И не одно это чудо случилось с Павлом в ту страшную памятную ночь. Не спасла бы Павла эта промашка, истек бы он кровью на тротуаре, не случись эта история аккурат под окнами сестры милосердия Агафьи Дмитриевны Жуковой, женщины решительной и бесстрашной. Не успели еще стихнуть шаги Павлухиных преследователей, а она уж склонилась над распростертым на тротуаре страдальцем. Перетащила вдвоем с дочерью его в дом, перевязала, за доктором знакомым сбегала, и ведь доктор-то, вот счастье, всего в трех домах от них жил. В общем, спасли Павлуху добрые люди. Спасли, выходили и даже вопросов не задавали. И вот лежал теперь Павел в чистой горнице на застланной кровати и любовался на солнечные пятнышки, что плясали по беленому потолку. Слушал, как за окном шумит под легким ветерком пыльный куст сирени, как жужжат за окном мухи и пчелы, как громыхает по мостовой чья-то телега, как в кухне потихоньку звякает посудой хозяйка.

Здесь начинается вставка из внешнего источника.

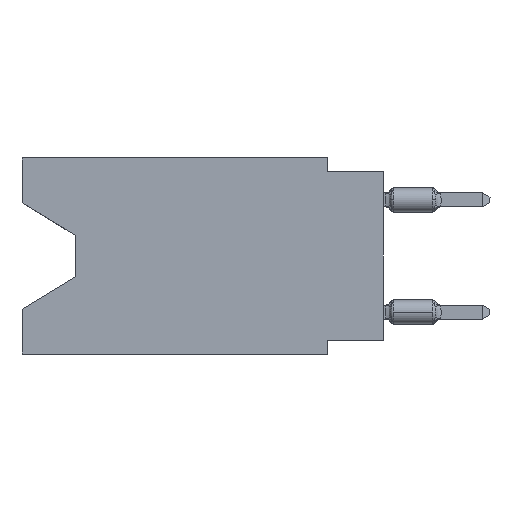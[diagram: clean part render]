
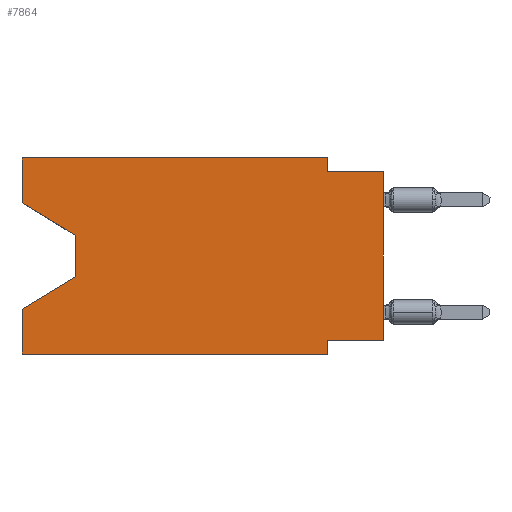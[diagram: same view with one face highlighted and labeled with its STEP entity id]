
A CAD part, left-side view. The second image highlights one B-rep face of the part: STEP entity #7864.
In plain terms, the highlighted planar face has unit normal (-1, 0, 0).
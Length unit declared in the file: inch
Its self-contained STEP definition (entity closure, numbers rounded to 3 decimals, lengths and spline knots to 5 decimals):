
#218 = ORIENTED_EDGE ( 'NONE', *, *, #9292, .T. ) ;
#283 = LINE ( 'NONE', #16107, #18698 ) ;
#565 = ORIENTED_EDGE ( 'NONE', *, *, #13233, .F. ) ;
#764 = CARTESIAN_POINT ( 'NONE',  ( 0., 0.645, -0.08025 ) ) ;
#988 = LINE ( 'NONE', #1072, #13239 ) ;
#1072 = CARTESIAN_POINT ( 'NONE',  ( 0., 0.645, 0. ) ) ;
#1233 = CARTESIAN_POINT ( 'NONE',  ( 0., 0., -0.325 ) ) ;
#1372 = EDGE_CURVE ( 'NONE', #12256, #6926, #4686, .T. ) ;
#1374 = VERTEX_POINT ( 'NONE', #11987 ) ;
#1750 = LINE ( 'NONE', #13599, #11968 ) ;
#2251 = VERTEX_POINT ( 'NONE', #5177 ) ;
#2436 = EDGE_CURVE ( 'NONE', #12759, #13123, #7107, .T. ) ;
#2453 = CARTESIAN_POINT ( 'NONE',  ( 0., 0.1, -0.35 ) ) ;
#2687 = EDGE_CURVE ( 'NONE', #2251, #11540, #3376, .T. ) ;
#3064 = ORIENTED_EDGE ( 'NONE', *, *, #10776, .F. ) ;
#3078 = ORIENTED_EDGE ( 'NONE', *, *, #2687, .F. ) ;
#3376 = LINE ( 'NONE', #6210, #5145 ) ;
#3420 = LINE ( 'NONE', #12143, #15102 ) ;
#3928 = CARTESIAN_POINT ( 'NONE',  ( 0., 0., -0.325 ) ) ;
#4103 = DIRECTION ( 'NONE',  ( 0., 0., 1. ) ) ;
#4405 = CARTESIAN_POINT ( 'NONE',  ( 0., 0.645, -0.08025 ) ) ;
#4410 = CARTESIAN_POINT ( 'NONE',  ( 0., 0.645, -0.35 ) ) ;
#4476 = LINE ( 'NONE', #10816, #8887 ) ;
#4483 = CARTESIAN_POINT ( 'NONE',  ( 0., 0.645, 0. ) ) ;
#4591 = DIRECTION ( 'NONE',  ( 0., 0., -1. ) ) ;
#4645 = DIRECTION ( 'NONE',  ( 0., 0., -1. ) ) ;
#4686 = LINE ( 'NONE', #4405, #13394 ) ;
#4913 = ORIENTED_EDGE ( 'NONE', *, *, #15853, .F. ) ;
#5021 = DIRECTION ( 'NONE',  ( 0., 0., -1. ) ) ;
#5068 = DIRECTION ( 'NONE',  ( 0., 0., 1. ) ) ;
#5093 = ORIENTED_EDGE ( 'NONE', *, *, #5103, .T. ) ;
#5103 = EDGE_CURVE ( 'NONE', #2251, #7350, #7436, .T. ) ;
#5145 = VECTOR ( 'NONE', #5068, 39.37008 ) ;
#5177 = CARTESIAN_POINT ( 'NONE',  ( 0., 0.645, -0.35 ) ) ;
#5553 = CARTESIAN_POINT ( 'NONE',  ( 0., 0.645, 0. ) ) ;
#5867 = ORIENTED_EDGE ( 'NONE', *, *, #6647, .F. ) ;
#6096 = CARTESIAN_POINT ( 'NONE',  ( 0., 0.645, 0. ) ) ;
#6210 = CARTESIAN_POINT ( 'NONE',  ( 0., 0.645, 0. ) ) ;
#6647 = EDGE_CURVE ( 'NONE', #10743, #1374, #15863, .T. ) ;
#6926 = VERTEX_POINT ( 'NONE', #7193 ) ;
#7012 = DIRECTION ( 'NONE',  ( 0., 1., 0. ) ) ;
#7064 = LINE ( 'NONE', #11426, #13480 ) ;
#7107 = LINE ( 'NONE', #1233, #17147 ) ;
#7193 = CARTESIAN_POINT ( 'NONE',  ( 0., 0.55, -0.138 ) ) ;
#7350 = VERTEX_POINT ( 'NONE', #2453 ) ;
#7428 = PLANE ( 'NONE',  #14197 ) ;
#7436 = LINE ( 'NONE', #4410, #8247 ) ;
#7521 = VECTOR ( 'NONE', #10127, 39.37008 ) ;
#7553 = CARTESIAN_POINT ( 'NONE',  ( 0., 0.55, -0.212 ) ) ;
#7864 = ADVANCED_FACE ( 'NONE', ( #16236 ), #7428, .F. ) ;
#8247 = VECTOR ( 'NONE', #13033, 39.37008 ) ;
#8756 = VERTEX_POINT ( 'NONE', #17181 ) ;
#8800 = CARTESIAN_POINT ( 'NONE',  ( 0., 0.645, -0.26975 ) ) ;
#8887 = VECTOR ( 'NONE', #5021, 39.37008 ) ;
#9042 = DIRECTION ( 'NONE',  ( 0., -0.855, -0.519 ) ) ;
#9056 = VERTEX_POINT ( 'NONE', #12149 ) ;
#9292 = EDGE_CURVE ( 'NONE', #6926, #10417, #283, .T. ) ;
#9681 = VECTOR ( 'NONE', #11416, 39.37008 ) ;
#10035 = LINE ( 'NONE', #17334, #7521 ) ;
#10127 = DIRECTION ( 'NONE',  ( 0., 0., 1. ) ) ;
#10173 = ORIENTED_EDGE ( 'NONE', *, *, #1372, .T. ) ;
#10417 = VERTEX_POINT ( 'NONE', #7553 ) ;
#10719 = ORIENTED_EDGE ( 'NONE', *, *, #2436, .F. ) ;
#10743 = VERTEX_POINT ( 'NONE', #5553 ) ;
#10776 = EDGE_CURVE ( 'NONE', #8756, #9056, #7064, .T. ) ;
#10816 = CARTESIAN_POINT ( 'NONE',  ( 0., 0.1, 0. ) ) ;
#10830 = EDGE_CURVE ( 'NONE', #10417, #11540, #1750, .T. ) ;
#11258 = EDGE_CURVE ( 'NONE', #1374, #8756, #4476, .T. ) ;
#11416 = DIRECTION ( 'NONE',  ( 0., -1., 0. ) ) ;
#11426 = CARTESIAN_POINT ( 'NONE',  ( 0., 0., -0.025 ) ) ;
#11540 = VERTEX_POINT ( 'NONE', #8800 ) ;
#11968 = VECTOR ( 'NONE', #17577, 39.37008 ) ;
#11987 = CARTESIAN_POINT ( 'NONE',  ( 0., 0.1, 0. ) ) ;
#12143 = CARTESIAN_POINT ( 'NONE',  ( 0., 0.1, -0.35 ) ) ;
#12149 = CARTESIAN_POINT ( 'NONE',  ( 0., 0., -0.025 ) ) ;
#12256 = VERTEX_POINT ( 'NONE', #764 ) ;
#12720 = ORIENTED_EDGE ( 'NONE', *, *, #14883, .T. ) ;
#12759 = VERTEX_POINT ( 'NONE', #3928 ) ;
#13033 = DIRECTION ( 'NONE',  ( 0., -1., 0. ) ) ;
#13123 = VERTEX_POINT ( 'NONE', #14909 ) ;
#13233 = EDGE_CURVE ( 'NONE', #12256, #10743, #988, .T. ) ;
#13239 = VECTOR ( 'NONE', #4103, 39.37008 ) ;
#13394 = VECTOR ( 'NONE', #9042, 39.37008 ) ;
#13480 = VECTOR ( 'NONE', #14166, 39.37008 ) ;
#13599 = CARTESIAN_POINT ( 'NONE',  ( 0., 0.55, -0.212 ) ) ;
#14166 = DIRECTION ( 'NONE',  ( 0., -1., 0. ) ) ;
#14197 = AXIS2_PLACEMENT_3D ( 'NONE', #6096, #14344, #4591 ) ;
#14344 = DIRECTION ( 'NONE',  ( 1., 0., 0. ) ) ;
#14701 = ORIENTED_EDGE ( 'NONE', *, *, #11258, .F. ) ;
#14883 = EDGE_CURVE ( 'NONE', #12759, #9056, #10035, .T. ) ;
#14909 = CARTESIAN_POINT ( 'NONE',  ( 0., 0.1, -0.325 ) ) ;
#15102 = VECTOR ( 'NONE', #17912, 39.37008 ) ;
#15853 = EDGE_CURVE ( 'NONE', #13123, #7350, #3420, .T. ) ;
#15863 = LINE ( 'NONE', #4483, #9681 ) ;
#16107 = CARTESIAN_POINT ( 'NONE',  ( 0., 0.55, -0.138 ) ) ;
#16236 = FACE_OUTER_BOUND ( 'NONE', #17703, .T. ) ;
#17147 = VECTOR ( 'NONE', #7012, 39.37008 ) ;
#17181 = CARTESIAN_POINT ( 'NONE',  ( 0., 0.1, -0.025 ) ) ;
#17334 = CARTESIAN_POINT ( 'NONE',  ( 0., 0., 0. ) ) ;
#17577 = DIRECTION ( 'NONE',  ( 0., 0.855, -0.519 ) ) ;
#17701 = ORIENTED_EDGE ( 'NONE', *, *, #10830, .T. ) ;
#17703 = EDGE_LOOP ( 'NONE', ( #10173, #218, #17701, #3078, #5093, #4913, #10719, #12720, #3064, #14701, #5867, #565 ) ) ;
#17912 = DIRECTION ( 'NONE',  ( 0., 0., -1. ) ) ;
#18698 = VECTOR ( 'NONE', #4645, 39.37008 ) ;

Неслышно раздвинулись занавески, и в комнату заглянула хозяйская дочь, Маруся. Вот ведь тоже совпадение. Увидела, что Павел уже не спит, вошла с тихой улыбкой. Красавица. Стройная, с высокой грудью, с длинной русой косой, серыми глазами, румяная, одно слово — кровь с молоком. И сразу видать, что Павел ей приглянулся. Да и что не приглянуться? Парень видный. Высокий, плечистый, лицом светлый, не кривой, не косой, и волосы пшеничные, да такие густые, что мать-покойница бывало шутила: с такими за вихор таскать хорошо. И все бы у них могло сладиться, да вот только, глядя в серые Марусины глаза, вспоминал Павел другие, голубые, лучистые, и начинало ныть у Павла за грудиной, так ныло, что даже рукой тер. А Маруся — добрая душа хлопотать начинала, думала, рана.
— Доброе утро, Павел Терентьевич, — улыбнулась девушка, вплыла в комнату, потрогала прохладной мягкой рукой лоб. — Как чувствуете себя? Не болит сегодня? А самовар вот-вот будет. Я вам сейчас умыться принесу.
Павел в ответ только улыбался благодарной виноватой улыбкой.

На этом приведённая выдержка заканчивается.